Neural Encoding and Decoding with a Flow-based Invertible Generative Model

Recent studies on visual neural encoding and decoding have made significant progress, benefiting from the latest advances in deep neural networks having powerful representations. However, two challenges remain. First, the current decoding algorithms based on deep generative models always struggle with information losses, which may cause blurry reconstruction. Second, most studies model the neural encoding and decoding processes separately, neglecting the inherent dual relationship between the two tasks. In this paper, we propose a novel neural encoding and decoding method with a two-stage flow-based invertible generative model to tackle the above issues. First, a convolutional auto-encoder is trained to bridge the stimuli space and the feature space.
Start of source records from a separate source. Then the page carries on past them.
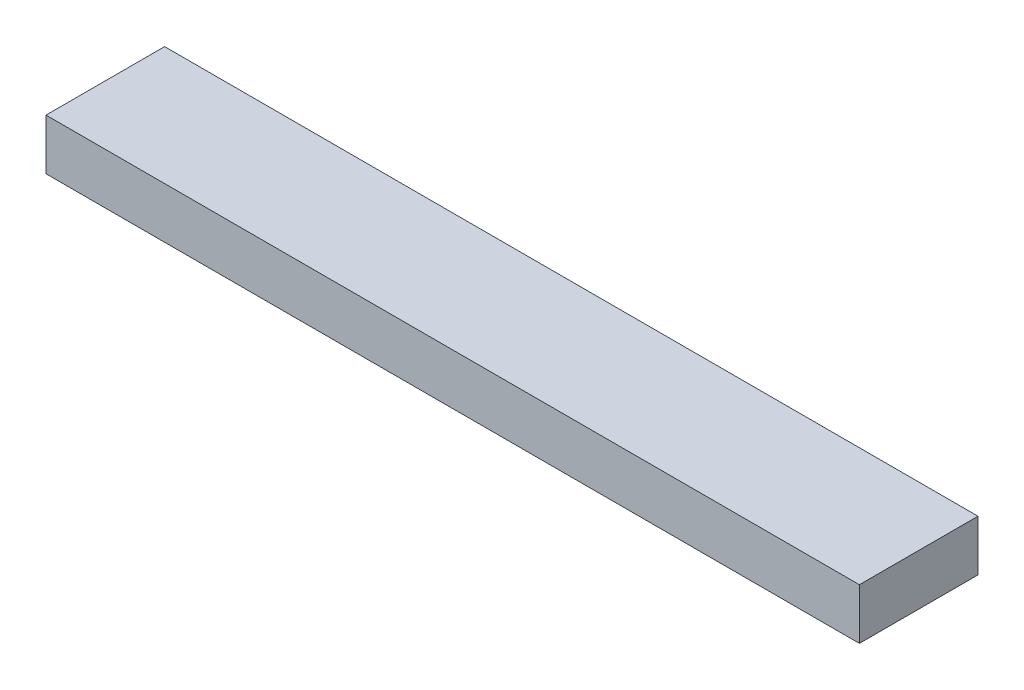
ISO-10303-21;
HEADER;
FILE_DESCRIPTION(('STEP AP214'),'2;1');
FILE_NAME('part.step','',(''),(''),'','','');
FILE_SCHEMA(('AUTOMOTIVE_DESIGN { 1 0 10303 214 1 1 1 1 }'));
ENDSEC;
DATA;
#1=APPLICATION_CONTEXT('core data for automotive mechanical design processes');
#2=APPLICATION_PROTOCOL_DEFINITION('international standard','automotive_design',2000,#1);
#3=PRODUCT_CONTEXT('',#1,'mechanical');
#4=PRODUCT('Part','Part','',(#3));
#5=PRODUCT_RELATED_PRODUCT_CATEGORY('part','',(#4));
#6=PRODUCT_DEFINITION_FORMATION('','',#4);
#7=PRODUCT_DEFINITION_CONTEXT('part definition',#1,'design');
#8=PRODUCT_DEFINITION('design','',#6,#7);
#9=PRODUCT_DEFINITION_SHAPE('','',#8);
#10=(LENGTH_UNIT() NAMED_UNIT(*) SI_UNIT(.MILLI.,.METRE.));
#11=(NAMED_UNIT(*) PLANE_ANGLE_UNIT() SI_UNIT($,.RADIAN.));
#12=(NAMED_UNIT(*) SI_UNIT($,.STERADIAN.) SOLID_ANGLE_UNIT());
#13=UNCERTAINTY_MEASURE_WITH_UNIT(LENGTH_MEASURE(1.E-05),#10,'distance_accuracy_value','');
#14=(GEOMETRIC_REPRESENTATION_CONTEXT(3) GLOBAL_UNCERTAINTY_ASSIGNED_CONTEXT((#13)) GLOBAL_UNIT_ASSIGNED_CONTEXT((#10,
#11,#12)) REPRESENTATION_CONTEXT('',''));
#15=CARTESIAN_POINT('',(0.,0.,0.));
#16=DIRECTION('',(0.,0.,1.));
#17=DIRECTION('',(1.,0.,0.));
#18=AXIS2_PLACEMENT_3D('',#15,#16,#17);
#19=CARTESIAN_POINT('',(609.6,-19.05,44.45));
#20=DIRECTION('',(0.,1.,0.));
#21=DIRECTION('',(0.,0.,1.));
#22=AXIS2_PLACEMENT_3D('',#19,#20,#21);
#23=PLANE('',#22);
#24=DIRECTION('',(0.,0.,-1.));
#25=VECTOR('',#24,1.);
#26=CARTESIAN_POINT('',(0.,-19.05,44.45));
#27=LINE('',#26,#25);
#28=CARTESIAN_POINT('',(0.,-19.05,44.45));
#29=VERTEX_POINT('',#28);
#30=CARTESIAN_POINT('',(0.,-19.05,-44.45));
#31=VERTEX_POINT('',#30);
#32=EDGE_CURVE('E96',#29,#31,#27,.T.);
#33=ORIENTED_EDGE('',*,*,#32,.T.);
#34=DIRECTION('',(-1.,0.,0.));
#35=VECTOR('',#34,1.);
#36=CARTESIAN_POINT('',(609.6,-19.05,-44.45));
#37=LINE('',#36,#35);
#38=CARTESIAN_POINT('',(609.6,-19.05,-44.45));
#39=VERTEX_POINT('',#38);
#40=EDGE_CURVE('E11',#39,#31,#37,.T.);
#41=ORIENTED_EDGE('',*,*,#40,.F.);
#42=DIRECTION('',(0.,0.,-1.));
#43=VECTOR('',#42,1.);
#44=CARTESIAN_POINT('',(609.6,-19.05,44.45));
#45=LINE('',#44,#43);
#46=CARTESIAN_POINT('',(609.6,-19.05,44.45));
#47=VERTEX_POINT('',#46);
#48=EDGE_CURVE('E84',#47,#39,#45,.T.);
#49=ORIENTED_EDGE('',*,*,#48,.F.);
#50=DIRECTION('',(-1.,0.,0.));
#51=VECTOR('',#50,1.);
#52=CARTESIAN_POINT('',(609.6,-19.05,44.45));
#53=LINE('',#52,#51);
#54=EDGE_CURVE('E92',#47,#29,#53,.T.);
#55=ORIENTED_EDGE('',*,*,#54,.T.);
#56=EDGE_LOOP('',(#33,#41,#49,#55));
#57=FACE_BOUND('',#56,.T.);
#58=ADVANCED_FACE('F33',(#57),#23,.F.);
#59=CARTESIAN_POINT('',(609.6,19.05,-44.45));
#60=DIRECTION('',(0.,0.,1.));
#61=DIRECTION('',(1.,0.,0.));
#62=AXIS2_PLACEMENT_3D('',#59,#60,#61);
#63=PLANE('',#62);
#64=DIRECTION('',(0.,1.,0.));
#65=VECTOR('',#64,1.);
#66=CARTESIAN_POINT('',(0.,19.05,-44.45));
#67=LINE('',#66,#65);
#68=CARTESIAN_POINT('',(0.,19.05,-44.45));
#69=VERTEX_POINT('',#68);
#70=EDGE_CURVE('E88',#31,#69,#67,.T.);
#71=ORIENTED_EDGE('',*,*,#70,.T.);
#72=DIRECTION('',(-1.,0.,0.));
#73=VECTOR('',#72,1.);
#74=CARTESIAN_POINT('',(609.6,19.05,-44.45));
#75=LINE('',#74,#73);
#76=CARTESIAN_POINT('',(609.6,19.05,-44.45));
#77=VERTEX_POINT('',#76);
#78=EDGE_CURVE('E41',#77,#69,#75,.T.);
#79=ORIENTED_EDGE('',*,*,#78,.F.);
#80=DIRECTION('',(0.,1.,0.));
#81=VECTOR('',#80,1.);
#82=CARTESIAN_POINT('',(609.6,19.05,-44.45));
#83=LINE('',#82,#81);
#84=EDGE_CURVE('E79',#39,#77,#83,.T.);
#85=ORIENTED_EDGE('',*,*,#84,.F.);
#86=ORIENTED_EDGE('',*,*,#40,.T.);
#87=EDGE_LOOP('',(#71,#79,#85,#86));
#88=FACE_BOUND('',#87,.T.);
#89=ADVANCED_FACE('F87',(#88),#63,.F.);
#90=CARTESIAN_POINT('',(609.6,19.05,44.45));
#91=DIRECTION('',(0.,-1.,0.));
#92=DIRECTION('',(0.,0.,-1.));
#93=AXIS2_PLACEMENT_3D('',#90,#91,#92);
#94=PLANE('',#93);
#95=DIRECTION('',(0.,0.,1.));
#96=VECTOR('',#95,1.);
#97=CARTESIAN_POINT('',(0.,19.05,44.45));
#98=LINE('',#97,#96);
#99=CARTESIAN_POINT('',(0.,19.05,44.45));
#100=VERTEX_POINT('',#99);
#101=EDGE_CURVE('E66',#69,#100,#98,.T.);
#102=ORIENTED_EDGE('',*,*,#101,.T.);
#103=DIRECTION('',(-1.,0.,0.));
#104=VECTOR('',#103,1.);
#105=CARTESIAN_POINT('',(609.6,19.05,44.45));
#106=LINE('',#105,#104);
#107=CARTESIAN_POINT('',(609.6,19.05,44.45));
#108=VERTEX_POINT('',#107);
#109=EDGE_CURVE('E89',#108,#100,#106,.T.);
#110=ORIENTED_EDGE('',*,*,#109,.F.);
#111=DIRECTION('',(0.,0.,1.));
#112=VECTOR('',#111,1.);
#113=CARTESIAN_POINT('',(609.6,19.05,44.45));
#114=LINE('',#113,#112);
#115=EDGE_CURVE('E82',#77,#108,#114,.T.);
#116=ORIENTED_EDGE('',*,*,#115,.F.);
#117=ORIENTED_EDGE('',*,*,#78,.T.);
#118=EDGE_LOOP('',(#102,#110,#116,#117));
#119=FACE_BOUND('',#118,.T.);
#120=ADVANCED_FACE('F90',(#119),#94,.F.);
#121=CARTESIAN_POINT('',(609.6,19.05,44.45));
#122=DIRECTION('',(0.,0.,-1.));
#123=DIRECTION('',(-1.,0.,0.));
#124=AXIS2_PLACEMENT_3D('',#121,#122,#123);
#125=PLANE('',#124);
#126=DIRECTION('',(0.,-1.,0.));
#127=VECTOR('',#126,1.);
#128=CARTESIAN_POINT('',(0.,19.05,44.45));
#129=LINE('',#128,#127);
#130=EDGE_CURVE('E72',#100,#29,#129,.T.);
#131=ORIENTED_EDGE('',*,*,#130,.T.);
#132=ORIENTED_EDGE('',*,*,#54,.F.);
#133=DIRECTION('',(0.,-1.,0.));
#134=VECTOR('',#133,1.);
#135=CARTESIAN_POINT('',(609.6,19.05,44.45));
#136=LINE('',#135,#134);
#137=EDGE_CURVE('E49',#108,#47,#136,.T.);
#138=ORIENTED_EDGE('',*,*,#137,.F.);
#139=ORIENTED_EDGE('',*,*,#109,.T.);
#140=EDGE_LOOP('',(#131,#132,#138,#139));
#141=FACE_BOUND('',#140,.T.);
#142=ADVANCED_FACE('F103',(#141),#125,.F.);
#143=CARTESIAN_POINT('',(609.6,0.,0.));
#144=DIRECTION('',(-1.,0.,0.));
#145=DIRECTION('',(0.,0.,1.));
#146=AXIS2_PLACEMENT_3D('',#143,#144,#145);
#147=PLANE('',#146);
#148=ORIENTED_EDGE('',*,*,#48,.T.);
#149=ORIENTED_EDGE('',*,*,#84,.T.);
#150=ORIENTED_EDGE('',*,*,#115,.T.);
#151=ORIENTED_EDGE('',*,*,#137,.T.);
#152=EDGE_LOOP('',(#148,#149,#150,#151));
#153=FACE_BOUND('',#152,.T.);
#154=ADVANCED_FACE('F80',(#153),#147,.F.);
#155=CARTESIAN_POINT('',(0.,0.,0.));
#156=DIRECTION('',(-1.,0.,0.));
#157=DIRECTION('',(0.,0.,1.));
#158=AXIS2_PLACEMENT_3D('',#155,#156,#157);
#159=PLANE('',#158);
#160=ORIENTED_EDGE('',*,*,#32,.F.);
#161=ORIENTED_EDGE('',*,*,#130,.F.);
#162=ORIENTED_EDGE('',*,*,#101,.F.);
#163=ORIENTED_EDGE('',*,*,#70,.F.);
#164=EDGE_LOOP('',(#160,#161,#162,#163));
#165=FACE_BOUND('',#164,.T.);
#166=ADVANCED_FACE('F106',(#165),#159,.T.);
#167=CLOSED_SHELL('',(#58,#89,#120,#142,#154,#166));
#168=MANIFOLD_SOLID_BREP('B2',#167);
#169=ADVANCED_BREP_SHAPE_REPRESENTATION('',(#18,#168),#14);
#170=SHAPE_DEFINITION_REPRESENTATION(#9,#169);
ENDSEC;
END-ISO-10303-21;

Second, an adversarial cross-modal normalizing flow is trained to build up a bijective transformation between image features and neural signals, with local and global constraints imposed on the latent space to render cross-modal alignment. The method eventually achieves bi-directional generation of visual stimuli and neural responses with a combination of the flow-based generator and the auto-encoder. The flow-based invertible generative model can minimize information losses and unify neural encoding and decoding into a single framework. Experimental results on different neural signals containing spike signals and functional magnetic resonance imaging demonstrate that our model achieves the best comprehensive performance among the comparison models.